## Your assignment:
Write out the data below exactly as given, without any of its pictures.

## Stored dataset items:
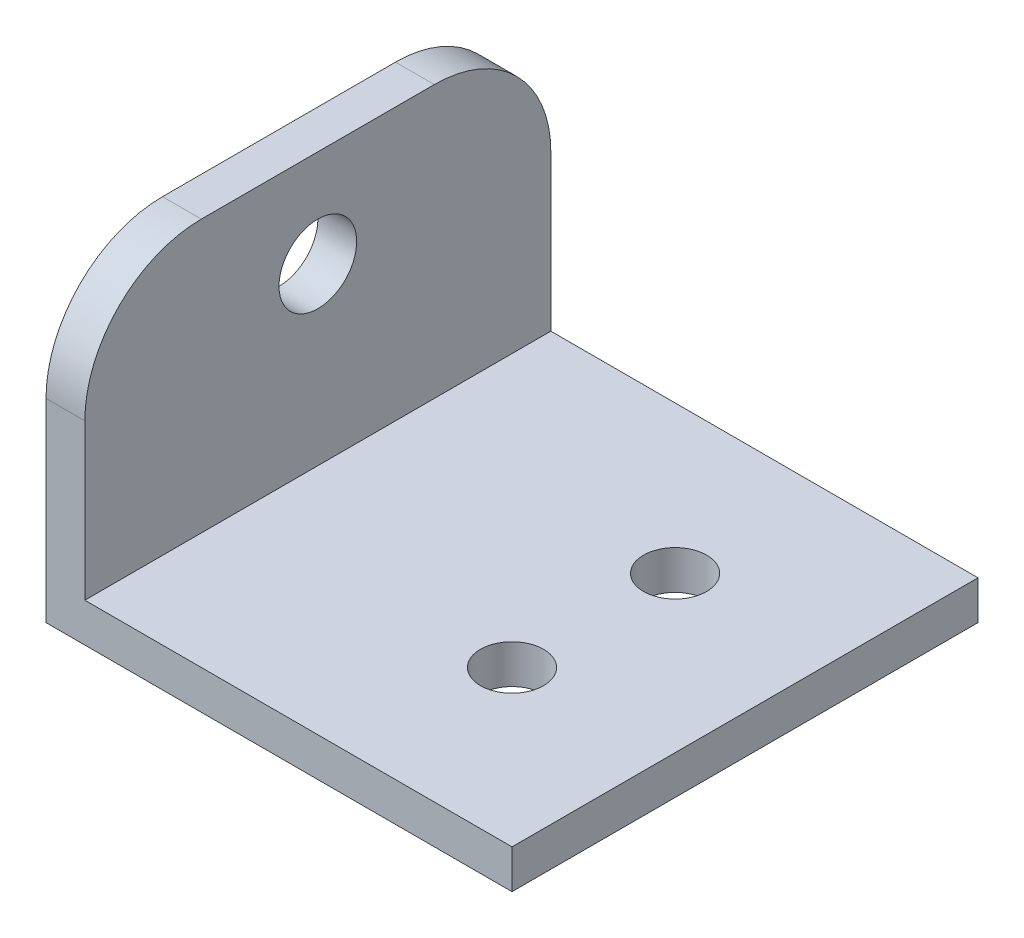
from build123d import *

# Parameters (mm, degrees)
BOSS_EXTRUDE1_DEPTH              = 38.1
F_13_64_0_20313_DIAMETER_HOLE1_D = 5.159375
F_1_4_0_25_DIAMETER_HOLE2_D      = 6.35
FILLET1_R                        = 9.525


with BuildPart() as part:
    # Sketch1 → Boss-Extrude1 (new body)
    with BuildSketch(Plane.XY):
        Polygon((0, 0), (0, 25.4), (3.175, 25.4), (3.175, 3.175), (38.1, 3.175), (38.1, 0), align=None)
    extrude(amount=BOSS_EXTRUDE1_DEPTH)

    # 13/64 (0.20313) Diameter Hole1 (through all)
    with Locations(Plane(origin=(0, 0, 0), x_dir=(-1, 0, 0), z_dir=(0, -1, 0))):
        with Locations((-25.4, -25.4), (-25.4, -12.065)):
            Hole(F_13_64_0_20313_DIAMETER_HOLE1_D / 2)

    # 1/4 (0.25) Diameter Hole2 (through all)
    with Locations(Plane.ZY):
        with Locations((19.05, 17.4625)):
            Hole(F_1_4_0_25_DIAMETER_HOLE2_D / 2)

    # Fillet1
    fillet1_edges = [part.edges().sort_by_distance(p)[0] for p in [
        (1.5875, 25.4, 38.1),
        (1.5875, 25.4, 0),
    ]]
    fillet(fillet1_edges, radius=FILLET1_R)


solid = part.part

## Task response:
from build123d import *

# Parameters (mm, degrees)
BOSS_EXTRUDE1_DEPTH              = 38.1
F_13_64_0_20313_DIAMETER_HOLE1_D = 5.159375
F_1_4_0_25_DIAMETER_HOLE2_D      = 6.35
FILLET1_R                        = 9.525


with BuildPart() as part:
    # Sketch1 → Boss-Extrude1 (new body)
    with BuildSketch(Plane.XY):
        Polygon((0, 0), (0, 25.4), (3.175, 25.4), (3.175, 3.175), (38.1, 3.175), (38.1, 0), align=None)
    extrude(amount=BOSS_EXTRUDE1_DEPTH)

    # 13/64 (0.20313) Diameter Hole1 (through all)
    with Locations(Plane(origin=(0, 0, 0), x_dir=(-1, 0, 0), z_dir=(0, -1, 0))):
        with Locations((-25.4, -25.4), (-25.4, -12.065)):
            Hole(F_13_64_0_20313_DIAMETER_HOLE1_D / 2)

    # 1/4 (0.25) Diameter Hole2 (through all)
    with Locations(Plane.ZY):
        with Locations((19.05, 17.4625)):
            Hole(F_1_4_0_25_DIAMETER_HOLE2_D / 2)

    # Fillet1
    fillet1_edges = [part.edges().sort_by_distance(p)[0] for p in [
        (1.5875, 25.4, 38.1),
        (1.5875, 25.4, 0),
    ]]
    fillet(fillet1_edges, radius=FILLET1_R)


solid = part.part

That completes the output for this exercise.